Oxfam America

Background


COFFEE

Right now over 25 million coffee growers and their families face starvation due to the international coffee crisis. Why such poverty? Over the past three years, the price of coffee has fallen almost 50 percent, and now hovers near a 30-year low.


Coffee is grown in more than 50 countries around the globe. Many of them are developing nations that depend on coffee as their chief export. But their entire economies are collapsing with the market as a result of plummeting coffee prices. Taking inflation into account, families are earning less growing coffee today than their ancestors did 100 years ago.

The global coffee crisis has been brought on by a worldwide oversupply of coffee that allows coffee corporations to buy beans at rock bottom prices. These prices are so low that they don't even begin to cover farmers’ costs of production.
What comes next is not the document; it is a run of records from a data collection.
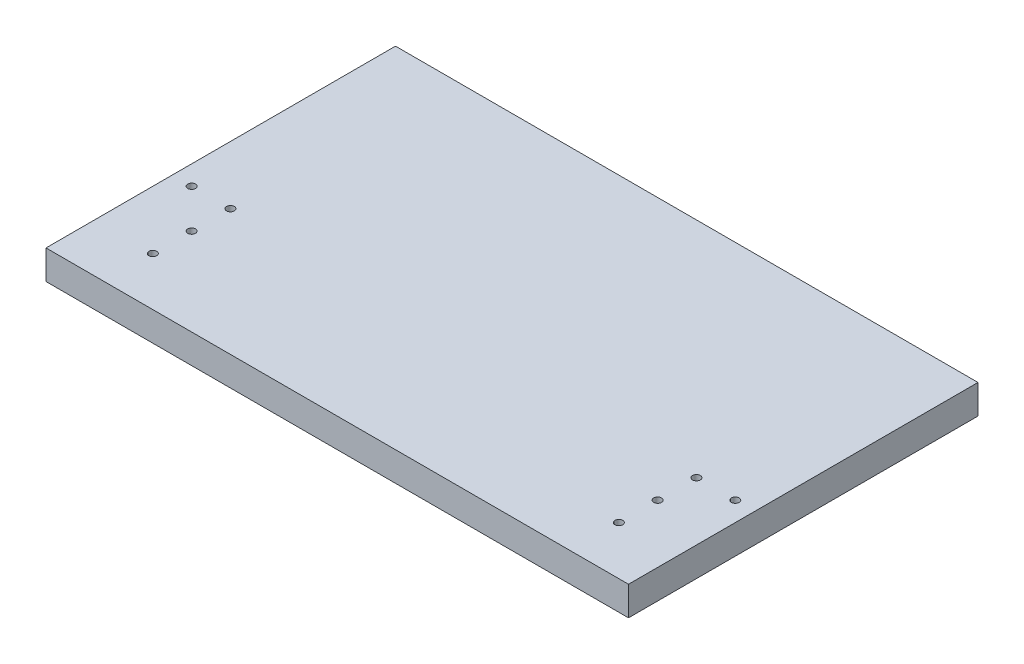
SolidWorks part; units mm, degrees
ref_plane "Alzado" through (0, 0, 0) normal (0, 0, 1) x (1, 0, 0)
ref_plane "Planta" through (0, 0, 0) normal (0, 1, 0) x (1, 0, 0)
ref_plane "Vista lateral" through (0, 0, 0) normal (1, 0, 0) x (0, 0, -1)
sketch "Croquis1" plane through (0, 0, 0) normal (0, 1, 0) x (1, 0, 0)
  line L1 (-150, -90) -> (150, -90)
  line L2 (-150, -90) -> (-150, 90)
  line L3 (-150, 90) -> (150, 90)
  line L4 (150, -90) -> (150, 90)
  line L5 (-150, -90) -> (150, 90) construction
  line L6 (-150, 90) -> (150, -90) construction
  point P0 (0, 0)
  dimension "D1" = 300
  dimension "D2" = 180
extrude "Saliente-Extruir1" add sketch "Croquis1" along normal blind 15
sketch "Croquis2" plane through (0, 15, 0) normal (0, 1, 0) x (1, 0, 0)
  line L1 (-150, -90) -> (150, -90) construction
  line L2 (-150, 90) -> (-150, -90) construction
  line L3 (150, -90) -> (150, 90) construction
  circle A0 centre (-120, -65) radius 2
  circle A1 centre (-120, -45) radius 2
  circle A2 centre (120, -65) radius 2
  circle A3 centre (120, -45) radius 2
  circle A4 centre (-140, -25) radius 2
  circle A5 centre (-120, -25) radius 2
  circle A6 centre (120, -25) radius 2
  circle A7 centre (140, -25) radius 2
  dimension "D1" = 25
  dimension "D2" = 0
  dimension "D3" = 25
  dimension "D4" = 0
  dimension "D7" = 10
  dimension "D8" = 20
  dimension "D9" = 30
  dimension "D10" = 10
  dimension "D5" = 30
  dimension "D6" = 30
  dimension "D11" = 65
  dimension "D12" = 0
  dimension "D13" = 65
  dimension "D14" = 0
  dimension "D15" = 45
  dimension "D16" = 45
extrude "Cortar-Extruir1" cut sketch "Croquis2" against normal blind 10
sketch "Croquis3" plane through (0, 0, 0) normal (0, -1, 0) x (1, 0, 0)
  line L0 (150, -90) -> (-150, -90) construction
  line L1 (150, 90) -> (150, -90) construction
  circle A0 centre (140, -65) radius 2
  point P6 (0, 0)
  dimension "D1" = 25
  dimension "D2" = 10
extrude "Cortar-Extruir2" cut sketch "Croquis3" against normal blind 10
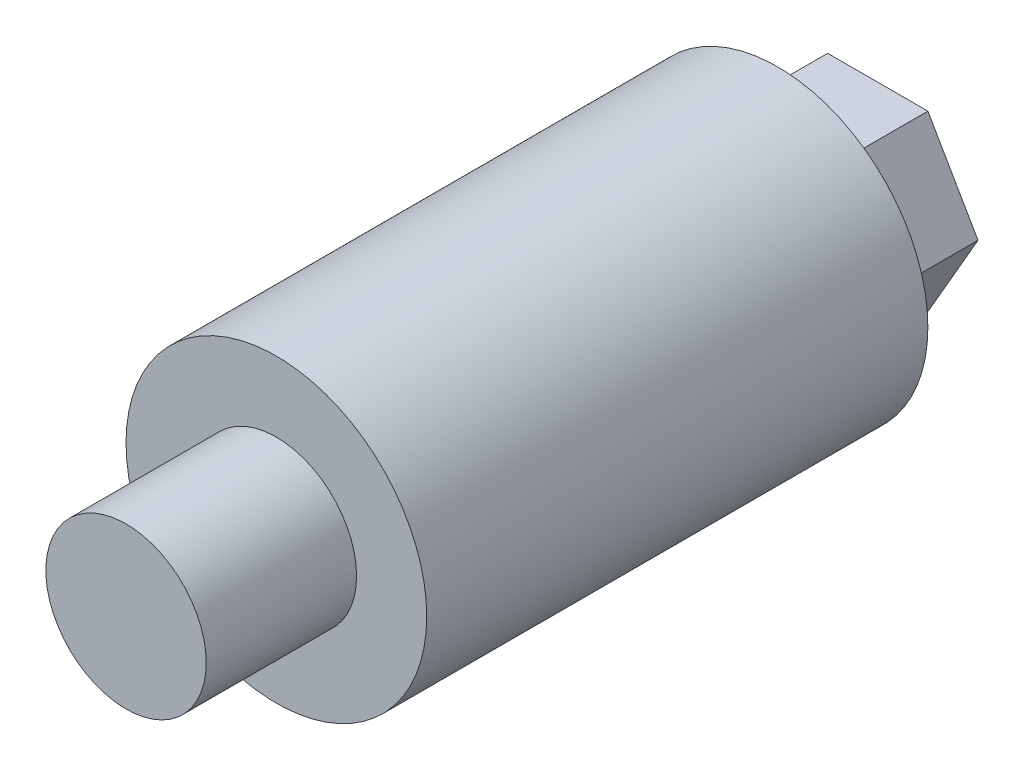
SolidWorks part; units mm, degrees
ref_plane "Piano frontale" through (0, 0, 0) normal (0, 0, 1) x (1, 0, 0)
ref_plane "Piano superiore" through (0, 0, 0) normal (0, 1, 0) x (1, 0, 0)
ref_plane "Piano destro" through (0, 0, 0) normal (1, 0, 0) x (0, 0, -1)
sketch "Schizzo1" plane through (0, 0, 0) normal (0, 0, 1) x (1, 0, 0)
  circle A0 centre (0, 0) radius 15
extrude "Estrusione-Estrusione1" add sketch "Schizzo1" along normal blind 50
sketch "Schizzo2" plane through (0, 0, 50) normal (0, 0, 1) x (1, 0, 0)
  circle A0 centre (0, 0) radius 8
extrude "Estrusione-Estrusione2" add sketch "Schizzo2" along normal blind 15
sketch "Schizzo3" plane through (0, 0, 0) normal (0, 0, -1) x (-1, 0, 0)
  line L1 (10, 0) -> (5, 8.6603)
  line L2 (5, 8.6603) -> (-5, 8.6603)
  line L3 (-5, 8.6603) -> (-10, 0)
  line L4 (-10, 0) -> (-5, -8.6603)
  line L5 (-5, -8.6603) -> (5, -8.6603)
  line L6 (5, -8.6603) -> (10, 0)
  circle A0 centre (0, 0) radius 8.6603 construction
  dimension "D1" = 10
extrude "Estrusione-Estrusione3" add sketch "Schizzo3" along normal blind 10

"...the collapse of world coffee prices is contributing to social meltdowns affecting an estimated 125 million people—from Central America to Africa." Wall Street Journal


Hundreds of thousands of farmers and their families are hungry. Children leave school to work or because their parents can no longer afford school fees. They go without health care, fuel, new clothing, and other necessities. Growers are selling off their assets or abandoning their land to look for work elsewhere. Other farmers have lost their land all together and are homeless and in debt. The World Bank states that more than 600,000 coffee workers in Central America are now unemployed.

The situation is even worse in Ethiopia. In 2001, Ethiopia was granted $58 million in debt relief—yet the country’s coffee income during that same period dropped from $257 million to $149 million. The government has lost twice the revenue to the coffee market as it has received from debt relief.

Case in Point: family farmers in Central America

Coffee has been one of the most important products for the Central American economy for decades, and a high proportion of the coffee produced in Central America is considered of the best quality in the world. Central America produces around 12 percent of the world's total supply, and although it is not the main source of income, coffee represents from 5 to 23 percent of total export revenues.

Coffee is very important not only for income generation but also for employment generation—approximately 1.5 million rural laborers worked in coffee during the 2001-2002 crop cycle. The situation is especially critical for the rural poor; the majority of coffee producers are smallholders living in remote rural areas who depend on coffee for cash income to survive.

Coffee Rescue Plan

Despite the dire situation facing coffee growers, there are some alternatives. Oxfam America and the Oxfam International Make Trade Fair campaign have developed a number of policy recommendations to address the coffee crisis, including:

  • the destruction of stockpiled beans to reduce the supply;
  • helping growers to diversify into other crops;
  • encouraging coffee companies to commit to buying only coffee that meets quality standards; and
  • increase their purchase of Fair Trade Certified coffee.
Salome Kafuluzi lives in Uganda with her husband Peter and 13 of their children and grandchildren.
They have planted and lived off of their coffee crops since 1945. "We're broke. We're not happy. We're failing in everything. We can't buy essentials," Salome says. "We can't have meat, fish, rice—just sweet potatoes, beans, and matoke... We can't send the children to school."